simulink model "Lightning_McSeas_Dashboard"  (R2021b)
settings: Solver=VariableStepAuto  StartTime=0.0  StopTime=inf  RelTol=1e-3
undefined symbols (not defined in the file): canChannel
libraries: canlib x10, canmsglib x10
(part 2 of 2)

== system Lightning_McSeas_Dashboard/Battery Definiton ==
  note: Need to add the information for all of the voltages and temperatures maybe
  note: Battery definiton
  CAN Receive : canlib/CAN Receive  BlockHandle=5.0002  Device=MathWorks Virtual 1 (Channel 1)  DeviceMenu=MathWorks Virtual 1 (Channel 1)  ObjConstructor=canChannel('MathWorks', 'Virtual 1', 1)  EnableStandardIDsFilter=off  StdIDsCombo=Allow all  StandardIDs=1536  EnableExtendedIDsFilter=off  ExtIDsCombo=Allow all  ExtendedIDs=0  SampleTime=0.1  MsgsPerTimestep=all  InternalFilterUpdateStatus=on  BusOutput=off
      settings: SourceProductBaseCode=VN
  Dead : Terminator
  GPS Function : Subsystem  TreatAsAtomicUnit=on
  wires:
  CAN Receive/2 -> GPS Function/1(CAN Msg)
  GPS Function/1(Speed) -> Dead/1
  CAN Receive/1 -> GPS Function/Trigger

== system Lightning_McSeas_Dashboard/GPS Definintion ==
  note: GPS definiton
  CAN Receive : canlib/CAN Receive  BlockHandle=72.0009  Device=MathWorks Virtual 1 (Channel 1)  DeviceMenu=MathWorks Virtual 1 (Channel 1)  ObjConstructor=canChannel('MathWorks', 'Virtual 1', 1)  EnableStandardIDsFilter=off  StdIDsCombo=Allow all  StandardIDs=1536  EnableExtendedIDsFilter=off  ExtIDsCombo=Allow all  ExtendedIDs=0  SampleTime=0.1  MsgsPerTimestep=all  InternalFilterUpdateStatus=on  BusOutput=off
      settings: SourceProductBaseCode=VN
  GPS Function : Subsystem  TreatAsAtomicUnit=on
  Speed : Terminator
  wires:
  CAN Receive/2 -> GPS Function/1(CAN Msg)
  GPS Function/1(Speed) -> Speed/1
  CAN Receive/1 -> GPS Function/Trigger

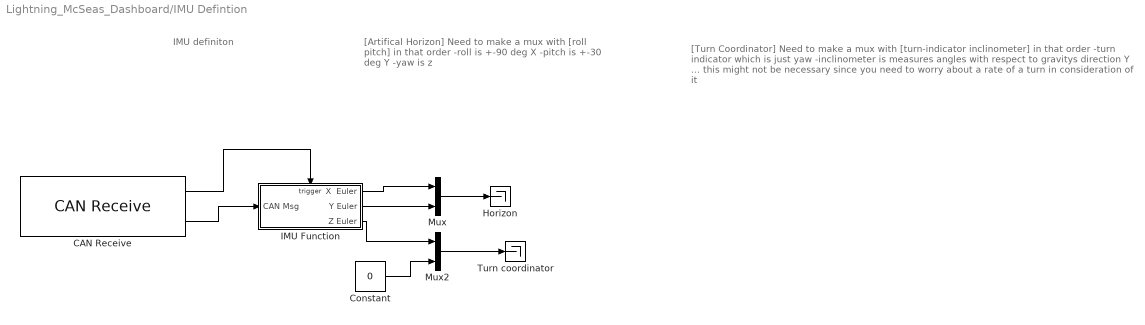
== system Lightning_McSeas_Dashboard/IMU Defintion ==
  note: [Turn Coordinator]
      | Need to make a mux with [turn-indicator inclinometer] in that order
      | -turn indicator which is just yaw
      |
      | -inclinometer is measures angles with respect to gravitys direction Y
      |
      | ... this might not be necessary since you need to worry about a rate of a turn in consideration of it
  note: [Artifical Horizon]
      | Need to make a mux with [roll pitch] in that order
      | -roll is +-90 deg X
      | -pitch is +-30 deg Y
      |
      | -yaw is z
  note: IMU definiton
  CAN Receive : canlib/CAN Receive  BlockHandle=38.0002  Device=MathWorks Virtual 1 (Channel 1)  DeviceMenu=MathWorks Virtual 1 (Channel 1)  ObjConstructor=canChannel('MathWorks', 'Virtual 1', 1)  EnableStandardIDsFilter=off  StdIDsCombo=Allow all  StandardIDs=1536  EnableExtendedIDsFilter=off  ExtIDsCombo=Allow all  ExtendedIDs=0  SampleTime=0.1  MsgsPerTimestep=all  InternalFilterUpdateStatus=on  BusOutput=off
      settings: SourceProductBaseCode=VN
  Constant : Constant  Value=0
  Horizon : Terminator
  IMU Function : Subsystem  TreatAsAtomicUnit=on
  Mux : Mux  Inputs=2
  Mux2 : Mux  Inputs=2
  Turn coordinator : Terminator
  wires:
  CAN Receive/2 -> IMU Function/1(CAN Msg)
  IMU Function/2(Y Euler) -> Mux/2
  IMU Function/3(Z Euler) -> Mux2/1
  CAN Receive/1 -> IMU Function/Trigger
  IMU Function/1(X  Euler) -> Mux/1
  Mux/1 -> Horizon/1
  Mux2/1 -> Turn coordinator/1
  Constant/1 -> Mux2/2

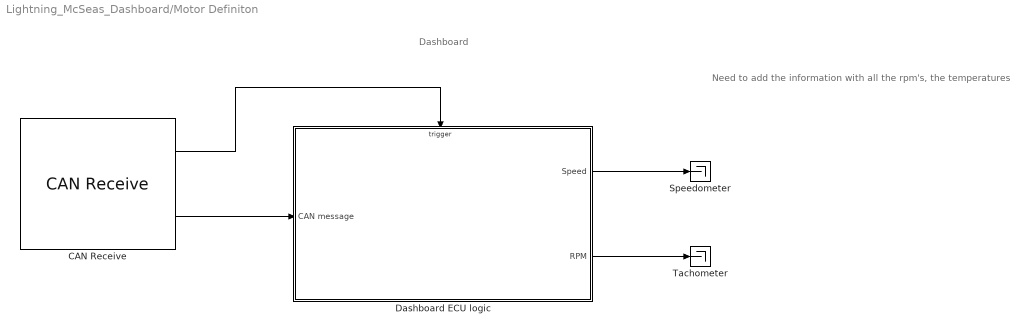
== system Lightning_McSeas_Dashboard/Motor Definiton ==
  note: Need to add the information with all the rpm's, the temperatures
  note: Dashboard
  CAN Receive : canlib/CAN Receive  BlockHandle=74.0002  Device=MathWorks Virtual 1 (Channel 2)  DeviceMenu=MathWorks Virtual 1 (Channel 2)  ObjConstructor=canChannel('MathWorks', 'Virtual 1', 2)  EnableStandardIDsFilter=off  StdIDsCombo=Block all  StandardIDs=0  EnableExtendedIDsFilter=off  ExtIDsCombo=Allow all  ExtendedIDs=[50 100]  SampleTime=0.01  MsgsPerTimestep=all  InternalFilterUpdateStatus=on  BusOutput=on
      settings: SourceProductBaseCode=VN
  Dashboard ECU logic : Subsystem  TreatAsAtomicUnit=on
  Speedometer : Terminator
  Tachometer : Terminator
  wires:
  CAN Receive/1 -> Dashboard ECU logic/Trigger
  CAN Receive/2 -> Dashboard ECU logic/1(CAN message)
  Dashboard ECU logic/2(RPM) -> Tachometer/1
  Dashboard ECU logic/1(Speed) -> Speedometer/1

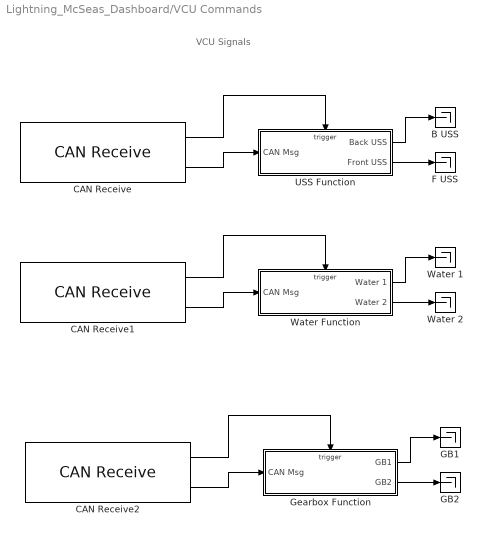
== system Lightning_McSeas_Dashboard/VCU Commands ==
  note: VCU Signals
  B USS : Terminator
  CAN Receive : canlib/CAN Receive  BlockHandle=72.0009  Device=MathWorks Virtual 1 (Channel 1)  DeviceMenu=MathWorks Virtual 1 (Channel 1)  ObjConstructor=canChannel('MathWorks', 'Virtual 1', 1)  EnableStandardIDsFilter=off  StdIDsCombo=Allow all  StandardIDs=1536  EnableExtendedIDsFilter=off  ExtIDsCombo=Allow all  ExtendedIDs=0  SampleTime=0.1  MsgsPerTimestep=all  InternalFilterUpdateStatus=on  BusOutput=off
      settings: SourceProductBaseCode=VN
  CAN Receive1 : canlib/CAN Receive  BlockHandle=72.0009  Device=MathWorks Virtual 1 (Channel 1)  DeviceMenu=MathWorks Virtual 1 (Channel 1)  ObjConstructor=canChannel('MathWorks', 'Virtual 1', 1)  EnableStandardIDsFilter=off  StdIDsCombo=Allow all  StandardIDs=1536  EnableExtendedIDsFilter=off  ExtIDsCombo=Allow all  ExtendedIDs=0  SampleTime=0.1  MsgsPerTimestep=all  InternalFilterUpdateStatus=on  BusOutput=off
      settings: SourceProductBaseCode=VN
  CAN Receive2 : canlib/CAN Receive  BlockHandle=72.0009  Device=MathWorks Virtual 1 (Channel 1)  DeviceMenu=MathWorks Virtual 1 (Channel 1)  ObjConstructor=canChannel('MathWorks', 'Virtual 1', 1)  EnableStandardIDsFilter=off  StdIDsCombo=Allow all  StandardIDs=1536  EnableExtendedIDsFilter=off  ExtIDsCombo=Allow all  ExtendedIDs=0  SampleTime=0.1  MsgsPerTimestep=all  InternalFilterUpdateStatus=on  BusOutput=off
      settings: SourceProductBaseCode=VN
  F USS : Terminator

# TASK TO COMPLETE:
Copy out the data exactly and keep the pictures out.

# OUTPUT FOR THIS TASK:
simulink model "Lightning_McSeas_Dashboard"  (R2021b)
settings: Solver=VariableStepAuto  StartTime=0.0  StopTime=inf  RelTol=1e-3
undefined symbols (not defined in the file): canChannel
libraries: canlib x10, canmsglib x10
(part 2 of 2)

== system Lightning_McSeas_Dashboard/Battery Definiton ==
  note: Need to add the information for all of the voltages and temperatures maybe
  note: Battery definiton
  CAN Receive : canlib/CAN Receive  BlockHandle=5.0002  Device=MathWorks Virtual 1 (Channel 1)  DeviceMenu=MathWorks Virtual 1 (Channel 1)  ObjConstructor=canChannel('MathWorks', 'Virtual 1', 1)  EnableStandardIDsFilter=off  StdIDsCombo=Allow all  StandardIDs=1536  EnableExtendedIDsFilter=off  ExtIDsCombo=Allow all  ExtendedIDs=0  SampleTime=0.1  MsgsPerTimestep=all  InternalFilterUpdateStatus=on  BusOutput=off
      settings: SourceProductBaseCode=VN
  Dead : Terminator
  GPS Function : Subsystem  TreatAsAtomicUnit=on
  wires:
  CAN Receive/2 -> GPS Function/1(CAN Msg)
  GPS Function/1(Speed) -> Dead/1
  CAN Receive/1 -> GPS Function/Trigger

== system Lightning_McSeas_Dashboard/GPS Definintion ==
  note: GPS definiton
  CAN Receive : canlib/CAN Receive  BlockHandle=72.0009  Device=MathWorks Virtual 1 (Channel 1)  DeviceMenu=MathWorks Virtual 1 (Channel 1)  ObjConstructor=canChannel('MathWorks', 'Virtual 1', 1)  EnableStandardIDsFilter=off  StdIDsCombo=Allow all  StandardIDs=1536  EnableExtendedIDsFilter=off  ExtIDsCombo=Allow all  ExtendedIDs=0  SampleTime=0.1  MsgsPerTimestep=all  InternalFilterUpdateStatus=on  BusOutput=off
      settings: SourceProductBaseCode=VN
  GPS Function : Subsystem  TreatAsAtomicUnit=on
  Speed : Terminator
  wires:
  CAN Receive/2 -> GPS Function/1(CAN Msg)
  GPS Function/1(Speed) -> Speed/1
  CAN Receive/1 -> GPS Function/Trigger

== system Lightning_McSeas_Dashboard/IMU Defintion ==
  note: [Turn Coordinator]
      | Need to make a mux with [turn-indicator inclinometer] in that order
      | -turn indicator which is just yaw
      |
      | -inclinometer is measures angles with respect to gravitys direction Y
      |
      | ... this might not be necessary since you need to worry about a rate of a turn in consideration of it
  note: [Artifical Horizon]
      | Need to make a mux with [roll pitch] in that order
      | -roll is +-90 deg X
      | -pitch is +-30 deg Y
      |
      | -yaw is z
  note: IMU definiton
  CAN Receive : canlib/CAN Receive  BlockHandle=38.0002  Device=MathWorks Virtual 1 (Channel 1)  DeviceMenu=MathWorks Virtual 1 (Channel 1)  ObjConstructor=canChannel('MathWorks', 'Virtual 1', 1)  EnableStandardIDsFilter=off  StdIDsCombo=Allow all  StandardIDs=1536  EnableExtendedIDsFilter=off  ExtIDsCombo=Allow all  ExtendedIDs=0  SampleTime=0.1  MsgsPerTimestep=all  InternalFilterUpdateStatus=on  BusOutput=off
      settings: SourceProductBaseCode=VN
  Constant : Constant  Value=0
  Horizon : Terminator
  IMU Function : Subsystem  TreatAsAtomicUnit=on
  Mux : Mux  Inputs=2
  Mux2 : Mux  Inputs=2
  Turn coordinator : Terminator
  wires:
  CAN Receive/2 -> IMU Function/1(CAN Msg)
  IMU Function/2(Y Euler) -> Mux/2
  IMU Function/3(Z Euler) -> Mux2/1
  CAN Receive/1 -> IMU Function/Trigger
  IMU Function/1(X  Euler) -> Mux/1
  Mux/1 -> Horizon/1
  Mux2/1 -> Turn coordinator/1
  Constant/1 -> Mux2/2

== system Lightning_McSeas_Dashboard/Motor Definiton ==
  note: Need to add the information with all the rpm's, the temperatures
  note: Dashboard
  CAN Receive : canlib/CAN Receive  BlockHandle=74.0002  Device=MathWorks Virtual 1 (Channel 2)  DeviceMenu=MathWorks Virtual 1 (Channel 2)  ObjConstructor=canChannel('MathWorks', 'Virtual 1', 2)  EnableStandardIDsFilter=off  StdIDsCombo=Block all  StandardIDs=0  EnableExtendedIDsFilter=off  ExtIDsCombo=Allow all  ExtendedIDs=[50 100]  SampleTime=0.01  MsgsPerTimestep=all  InternalFilterUpdateStatus=on  BusOutput=on
      settings: SourceProductBaseCode=VN
  Dashboard ECU logic : Subsystem  TreatAsAtomicUnit=on
  Speedometer : Terminator
  Tachometer : Terminator
  wires:
  CAN Receive/1 -> Dashboard ECU logic/Trigger
  CAN Receive/2 -> Dashboard ECU logic/1(CAN message)
  Dashboard ECU logic/2(RPM) -> Tachometer/1
  Dashboard ECU logic/1(Speed) -> Speedometer/1

== system Lightning_McSeas_Dashboard/VCU Commands ==
  note: VCU Signals
  B USS : Terminator
  CAN Receive : canlib/CAN Receive  BlockHandle=72.0009  Device=MathWorks Virtual 1 (Channel 1)  DeviceMenu=MathWorks Virtual 1 (Channel 1)  ObjConstructor=canChannel('MathWorks', 'Virtual 1', 1)  EnableStandardIDsFilter=off  StdIDsCombo=Allow all  StandardIDs=1536  EnableExtendedIDsFilter=off  ExtIDsCombo=Allow all  ExtendedIDs=0  SampleTime=0.1  MsgsPerTimestep=all  InternalFilterUpdateStatus=on  BusOutput=off
      settings: SourceProductBaseCode=VN
  CAN Receive1 : canlib/CAN Receive  BlockHandle=72.0009  Device=MathWorks Virtual 1 (Channel 1)  DeviceMenu=MathWorks Virtual 1 (Channel 1)  ObjConstructor=canChannel('MathWorks', 'Virtual 1', 1)  EnableStandardIDsFilter=off  StdIDsCombo=Allow all  StandardIDs=1536  EnableExtendedIDsFilter=off  ExtIDsCombo=Allow all  ExtendedIDs=0  SampleTime=0.1  MsgsPerTimestep=all  InternalFilterUpdateStatus=on  BusOutput=off
      settings: SourceProductBaseCode=VN
  CAN Receive2 : canlib/CAN Receive  BlockHandle=72.0009  Device=MathWorks Virtual 1 (Channel 1)  DeviceMenu=MathWorks Virtual 1 (Channel 1)  ObjConstructor=canChannel('MathWorks', 'Virtual 1', 1)  EnableStandardIDsFilter=off  StdIDsCombo=Allow all  StandardIDs=1536  EnableExtendedIDsFilter=off  ExtIDsCombo=Allow all  ExtendedIDs=0  SampleTime=0.1  MsgsPerTimestep=all  InternalFilterUpdateStatus=on  BusOutput=off
      settings: SourceProductBaseCode=VN
  F USS : Terminator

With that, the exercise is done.